---------- Dataset records

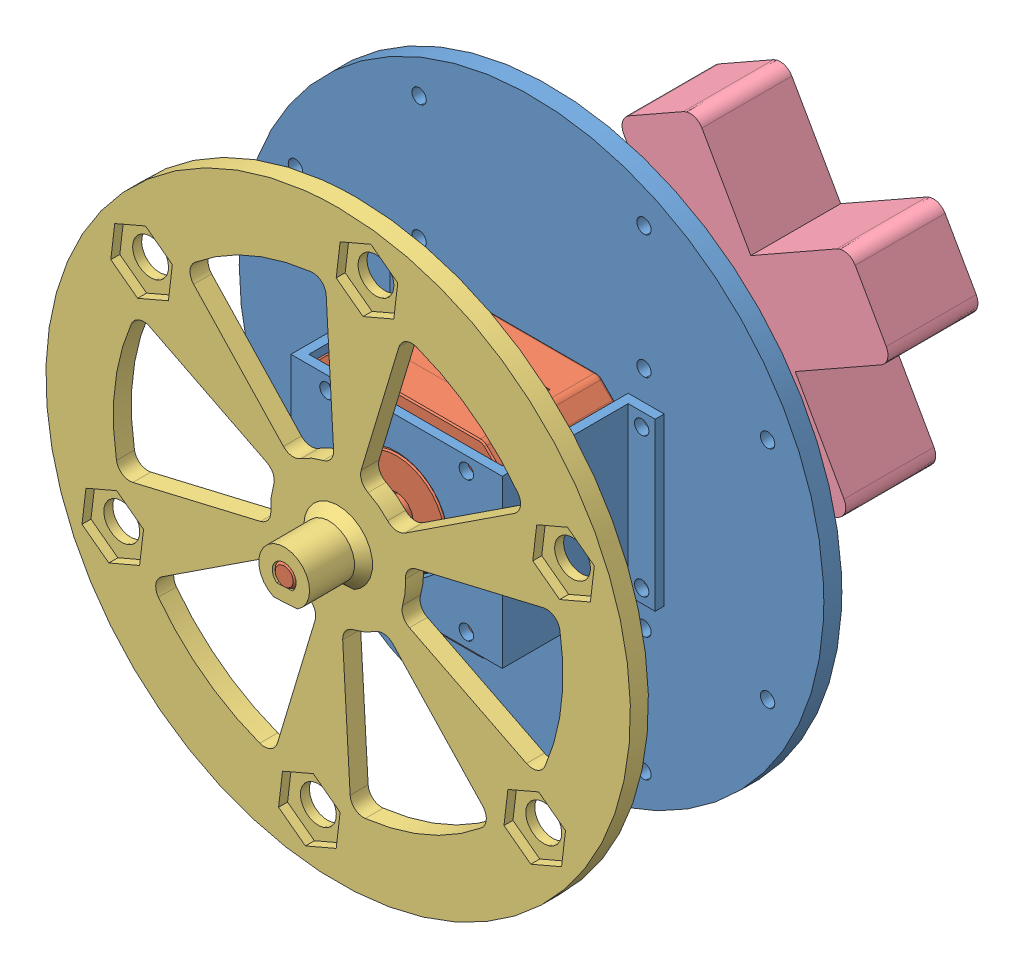
SolidWorks assembly RW_Assembly, configuration Défaut. Lengths in mm.
Overall size (137.17 137.17 120).
7 component instances, 6 part files, 13 mates.
Components (placement in the parent):
- RW_Satellite-1: RW_Satellite [Défaut] at (-9.5815 6.5873 113.9) size (130 130 59)
- E3D Slimline Stepper Motor 0.9deg V1.1-1: E3D Slimline Stepper Motor 0.9deg V1.1 [Défaut] at (-9.5815 6.5873 120.9) x (1 0 0) z (0 -1 0) size (42 53 47.1)
- RW_Flywheel-1: RW_Flywheel [Défaut] at (-9.5815 6.5873 156.9) x (-0.056793 0.998386 0) z (0 0 1) size (130 130 16)
- RW_Base-1: RW_Base [Défaut] at (25.7926 15.1705 72.9) x (-0.869632 -0.4937 0) z (0 0 -1) size (70 70 20)
- 8mm Bearing SKF 608 (RS 286-7530)-1: 8mm Bearing SKF 608 (RS 286-7530) [Default] at (-9.5815 6.5873 89.9) x (0 0 -1) z (1 0 0) size (7 22 22)
- 8mm Bearing SKF 608 (RS 286-7530)-2: 8mm Bearing SKF 608 (RS 286-7530) [Default] at (-9.5815 6.5873 96.9) x (0 0 -1) z (1 0 0) size (7 22 22)
- 8mm_threaded_rod-1: 8mm_threaded_rod [Défaut] at (-9.5815 6.5873 52.9) size (8 8 65)
Mates (geometry in assembly coordinates):
- Coïncidente1: coincident anti-aligned: plane of RW_Satellite-1 through (-9.5815 6.5873 145.9) normal (0 0 -1); plane of E3D Slimline Stepper Motor 0.9deg V1.1-1 through (-9.5815 6.5873 145.9) normal (0 0 1)
- Coaxiale1: concentric aligned: cylinder of RW_Satellite-1 through (-25.0815 -8.9127 147.9) axis (0 0 -1) radius 1.6; cylinder of E3D Slimline Stepper Motor 0.9deg V1.1-1 through (-25.0815 -8.9127 145.9) axis (0 0 -1) radius 1.2645
- Coaxiale2: concentric aligned: cylinder of RW_Satellite-1 through (-25.0815 22.0873 147.9) axis (0 0 -1) radius 1.6; cylinder of E3D Slimline Stepper Motor 0.9deg V1.1-1 through (-25.0815 22.0873 145.9) axis (0 0 -1) radius 1.2645
- Coaxiale3: concentric anti-aligned: cylinder of E3D Slimline Stepper Motor 0.9deg V1.1-1 through (-9.5815 6.5873 163.9) axis (0 0 -1) radius 2.5; cylinder of RW_Flywheel-1 through (-9.5815 6.5873 156.9) axis (0 0 1) radius 2.65
- Coïncidente2: coincident aligned: plane of E3D Slimline Stepper Motor 0.9deg V1.1-1 through (-9.5815 6.5873 172.9) normal (0 0 1); plane of RW_Flywheel-1 through (-9.5815 6.5873 172.9) normal (0 0 1)
- Coaxiale4: concentric anti-aligned: cylinder of RW_Satellite-1 through (-9.5815 6.5873 88.9) axis (0 0 1) radius 11.1; cylinder of 8mm Bearing SKF 608 (RS 286-7530)-2 through (-9.5815 6.5873 96.9) axis (0 0 -1) radius 11
- Coïncidente3: coincident anti-aligned: plane of RW_Satellite-1 through (-9.5815 6.5873 103.9) normal (0 0 -1); plane of 8mm Bearing SKF 608 (RS 286-7530)-2 through (-9.5815 15.0923 103.9) normal (0 0 1)
- Coïncidente4: coincident anti-aligned: plane of 8mm Bearing SKF 608 (RS 286-7530)-1 through (-9.5815 15.0923 96.9) normal (0 0 1); plane of 8mm Bearing SKF 608 (RS 286-7530)-2 through (-9.5815 15.0923 96.9) normal (0 0 -1)
- Coaxiale5: concentric anti-aligned: cylinder of RW_Satellite-1 through (-9.5815 6.5873 88.9) axis (0 0 1) radius 11.1; cylinder of 8mm Bearing SKF 608 (RS 286-7530)-1 through (-9.5815 6.5873 89.9) axis (0 0 -1) radius 11
- Coaxiale6: concentric aligned: cylinder of 8mm Bearing SKF 608 (RS 286-7530)-1 through (-9.5815 6.5873 89.9) axis (0 0 -1) radius 4; cylinder of 8mm_threaded_rod-1 through (-9.5815 6.5873 117.9) axis (0 0 -1) radius 4
- Coïncidente5: coincident aligned: plane of RW_Satellite-1 through (-9.5815 6.5873 117.9) normal (0 0 1); plane of 8mm_threaded_rod-1 through (-9.5815 6.5873 117.9) normal (0 0 1)
- Coïncidente6: coincident aligned: plane of RW_Base-1 through (25.7926 15.1705 52.9) normal (0 0 -1); plane of 8mm_threaded_rod-1 through (-9.5815 6.5873 52.9) normal (0 0 -1)
- Coaxiale7: concentric aligned: cylinder of RW_Base-1 through (-9.5815 6.5873 72.901) axis (0 0 -1) radius 4.05; cylinder of 8mm_threaded_rod-1 through (-9.5815 6.5873 117.9) axis (0 0 -1) radius 4

--------------------

- _Exercise goal_:
Reproduce each line of the records in which "Stepper" appears.

- _Task result_:
- E3D Slimline Stepper Motor 0.9deg V1.1-1: E3D Slimline Stepper Motor 0.9deg V1.1 [Défaut] at (-9.5815 6.5873 120.9) x (1 0 0) z (0 -1 0) size (42 53 47.1)
- Coïncidente1: coincident anti-aligned: plane of RW_Satellite-1 through (-9.5815 6.5873 145.9) normal (0 0 -1); plane of E3D Slimline Stepper Motor 0.9deg V1.1-1 through (-9.5815 6.5873 145.9) normal (0 0 1)
- Coaxiale1: concentric aligned: cylinder of RW_Satellite-1 through (-25.0815 -8.9127 147.9) axis (0 0 -1) radius 1.6; cylinder of E3D Slimline Stepper Motor 0.9deg V1.1-1 through (-25.0815 -8.9127 145.9) axis (0 0 -1) radius 1.2645
- Coaxiale2: concentric aligned: cylinder of RW_Satellite-1 through (-25.0815 22.0873 147.9) axis (0 0 -1) radius 1.6; cylinder of E3D Slimline Stepper Motor 0.9deg V1.1-1 through (-25.0815 22.0873 145.9) axis (0 0 -1) radius 1.2645
- Coaxiale3: concentric anti-aligned: cylinder of E3D Slimline Stepper Motor 0.9deg V1.1-1 through (-9.5815 6.5873 163.9) axis (0 0 -1) radius 2.5; cylinder of RW_Flywheel-1 through (-9.5815 6.5873 156.9) axis (0 0 1) radius 2.65
- Coïncidente2: coincident aligned: plane of E3D Slimline Stepper Motor 0.9deg V1.1-1 through (-9.5815 6.5873 172.9) normal (0 0 1); plane of RW_Flywheel-1 through (-9.5815 6.5873 172.9) normal (0 0 1)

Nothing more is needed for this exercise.